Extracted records
━━━━━━━━━━━━━━━━

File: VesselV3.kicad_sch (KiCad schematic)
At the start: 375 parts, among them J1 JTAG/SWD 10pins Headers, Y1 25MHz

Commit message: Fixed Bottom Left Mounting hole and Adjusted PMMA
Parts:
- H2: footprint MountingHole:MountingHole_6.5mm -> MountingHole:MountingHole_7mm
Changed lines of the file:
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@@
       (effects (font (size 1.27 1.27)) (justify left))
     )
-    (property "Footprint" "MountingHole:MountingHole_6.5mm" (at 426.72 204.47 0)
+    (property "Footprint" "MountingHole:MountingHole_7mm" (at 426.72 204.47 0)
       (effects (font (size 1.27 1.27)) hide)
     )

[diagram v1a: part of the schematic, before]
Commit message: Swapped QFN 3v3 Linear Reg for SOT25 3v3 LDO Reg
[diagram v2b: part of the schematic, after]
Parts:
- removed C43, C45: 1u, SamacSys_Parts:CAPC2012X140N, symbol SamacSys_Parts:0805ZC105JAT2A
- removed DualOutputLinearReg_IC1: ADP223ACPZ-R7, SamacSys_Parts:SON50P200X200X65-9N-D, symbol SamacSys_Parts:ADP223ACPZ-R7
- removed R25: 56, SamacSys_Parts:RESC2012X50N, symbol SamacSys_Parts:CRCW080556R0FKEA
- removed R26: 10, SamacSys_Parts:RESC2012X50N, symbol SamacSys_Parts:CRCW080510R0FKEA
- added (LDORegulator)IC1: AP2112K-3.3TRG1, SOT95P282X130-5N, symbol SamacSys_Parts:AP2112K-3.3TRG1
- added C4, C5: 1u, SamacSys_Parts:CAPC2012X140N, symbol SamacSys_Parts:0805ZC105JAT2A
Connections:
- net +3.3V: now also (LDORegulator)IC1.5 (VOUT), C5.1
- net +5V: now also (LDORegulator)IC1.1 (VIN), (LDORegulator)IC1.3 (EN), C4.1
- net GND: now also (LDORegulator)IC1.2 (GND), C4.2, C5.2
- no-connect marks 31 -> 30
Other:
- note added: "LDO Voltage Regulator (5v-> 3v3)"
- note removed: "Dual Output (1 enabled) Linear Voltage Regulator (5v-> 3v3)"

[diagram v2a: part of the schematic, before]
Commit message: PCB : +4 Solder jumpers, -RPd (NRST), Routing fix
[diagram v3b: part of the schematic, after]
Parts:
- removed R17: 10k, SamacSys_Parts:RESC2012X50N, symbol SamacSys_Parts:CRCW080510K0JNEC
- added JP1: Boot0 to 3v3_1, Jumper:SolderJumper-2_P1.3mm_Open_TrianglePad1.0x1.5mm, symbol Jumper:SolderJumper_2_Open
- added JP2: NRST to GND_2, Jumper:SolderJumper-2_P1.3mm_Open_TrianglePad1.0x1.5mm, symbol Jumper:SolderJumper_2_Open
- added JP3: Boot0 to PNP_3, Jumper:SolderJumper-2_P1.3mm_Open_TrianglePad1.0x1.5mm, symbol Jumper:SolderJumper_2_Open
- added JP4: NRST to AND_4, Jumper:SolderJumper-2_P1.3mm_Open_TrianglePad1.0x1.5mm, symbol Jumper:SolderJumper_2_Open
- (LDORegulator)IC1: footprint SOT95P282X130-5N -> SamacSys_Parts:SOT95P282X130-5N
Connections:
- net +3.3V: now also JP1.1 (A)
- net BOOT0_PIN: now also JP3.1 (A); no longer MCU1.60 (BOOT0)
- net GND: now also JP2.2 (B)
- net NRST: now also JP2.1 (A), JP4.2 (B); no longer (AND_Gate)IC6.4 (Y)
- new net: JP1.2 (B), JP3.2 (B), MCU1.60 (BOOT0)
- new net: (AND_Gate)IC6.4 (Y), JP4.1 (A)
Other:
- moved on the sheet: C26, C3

━━━━━━━━━━━━━━━━

### What to do
All records are to be printed again, exactly and completely.

### Result below
File: VesselV3.kicad_sch (KiCad schematic)
At the start: 375 parts, among them J1 JTAG/SWD 10pins Headers, Y1 25MHz

Commit message: Fixed Bottom Left Mounting hole and Adjusted PMMA
Parts:
- H2: footprint MountingHole:MountingHole_6.5mm -> MountingHole:MountingHole_7mm
Changed lines of the file:
@@
       (effects (font (size 1.27 1.27)) (justify left))
     )
-    (property "Footprint" "MountingHole:MountingHole_6.5mm" (at 426.72 204.47 0)
+    (property "Footprint" "MountingHole:MountingHole_7mm" (at 426.72 204.47 0)
       (effects (font (size 1.27 1.27)) hide)
     )

[diagram v1a: part of the schematic, before]
Commit message: Swapped QFN 3v3 Linear Reg for SOT25 3v3 LDO Reg
[diagram v2b: part of the schematic, after]
Parts:
- removed C43, C45: 1u, SamacSys_Parts:CAPC2012X140N, symbol SamacSys_Parts:0805ZC105JAT2A
- removed DualOutputLinearReg_IC1: ADP223ACPZ-R7, SamacSys_Parts:SON50P200X200X65-9N-D, symbol SamacSys_Parts:ADP223ACPZ-R7
- removed R25: 56, SamacSys_Parts:RESC2012X50N, symbol SamacSys_Parts:CRCW080556R0FKEA
- removed R26: 10, SamacSys_Parts:RESC2012X50N, symbol SamacSys_Parts:CRCW080510R0FKEA
- added (LDORegulator)IC1: AP2112K-3.3TRG1, SOT95P282X130-5N, symbol SamacSys_Parts:AP2112K-3.3TRG1
- added C4, C5: 1u, SamacSys_Parts:CAPC2012X140N, symbol SamacSys_Parts:0805ZC105JAT2A
Connections:
- net +3.3V: now also (LDORegulator)IC1.5 (VOUT), C5.1
- net +5V: now also (LDORegulator)IC1.1 (VIN), (LDORegulator)IC1.3 (EN), C4.1
- net GND: now also (LDORegulator)IC1.2 (GND), C4.2, C5.2
- no-connect marks 31 -> 30
Other:
- note added: "LDO Voltage Regulator (5v-> 3v3)"
- note removed: "Dual Output (1 enabled) Linear Voltage Regulator (5v-> 3v3)"

[diagram v2a: part of the schematic, before]
Commit message: PCB : +4 Solder jumpers, -RPd (NRST), Routing fix
[diagram v3b: part of the schematic, after]
Parts:
- removed R17: 10k, SamacSys_Parts:RESC2012X50N, symbol SamacSys_Parts:CRCW080510K0JNEC
- added JP1: Boot0 to 3v3_1, Jumper:SolderJumper-2_P1.3mm_Open_TrianglePad1.0x1.5mm, symbol Jumper:SolderJumper_2_Open
- added JP2: NRST to GND_2, Jumper:SolderJumper-2_P1.3mm_Open_TrianglePad1.0x1.5mm, symbol Jumper:SolderJumper_2_Open
- added JP3: Boot0 to PNP_3, Jumper:SolderJumper-2_P1.3mm_Open_TrianglePad1.0x1.5mm, symbol Jumper:SolderJumper_2_Open
- added JP4: NRST to AND_4, Jumper:SolderJumper-2_P1.3mm_Open_TrianglePad1.0x1.5mm, symbol Jumper:SolderJumper_2_Open
- (LDORegulator)IC1: footprint SOT95P282X130-5N -> SamacSys_Parts:SOT95P282X130-5N
Connections:
- net +3.3V: now also JP1.1 (A)
- net BOOT0_PIN: now also JP3.1 (A); no longer MCU1.60 (BOOT0)
- net GND: now also JP2.2 (B)
- net NRST: now also JP2.1 (A), JP4.2 (B); no longer (AND_Gate)IC6.4 (Y)
- new net: JP1.2 (B), JP3.2 (B), MCU1.60 (BOOT0)
- new net: (AND_Gate)IC6.4 (Y), JP4.1 (A)
Other:
- moved on the sheet: C26, C3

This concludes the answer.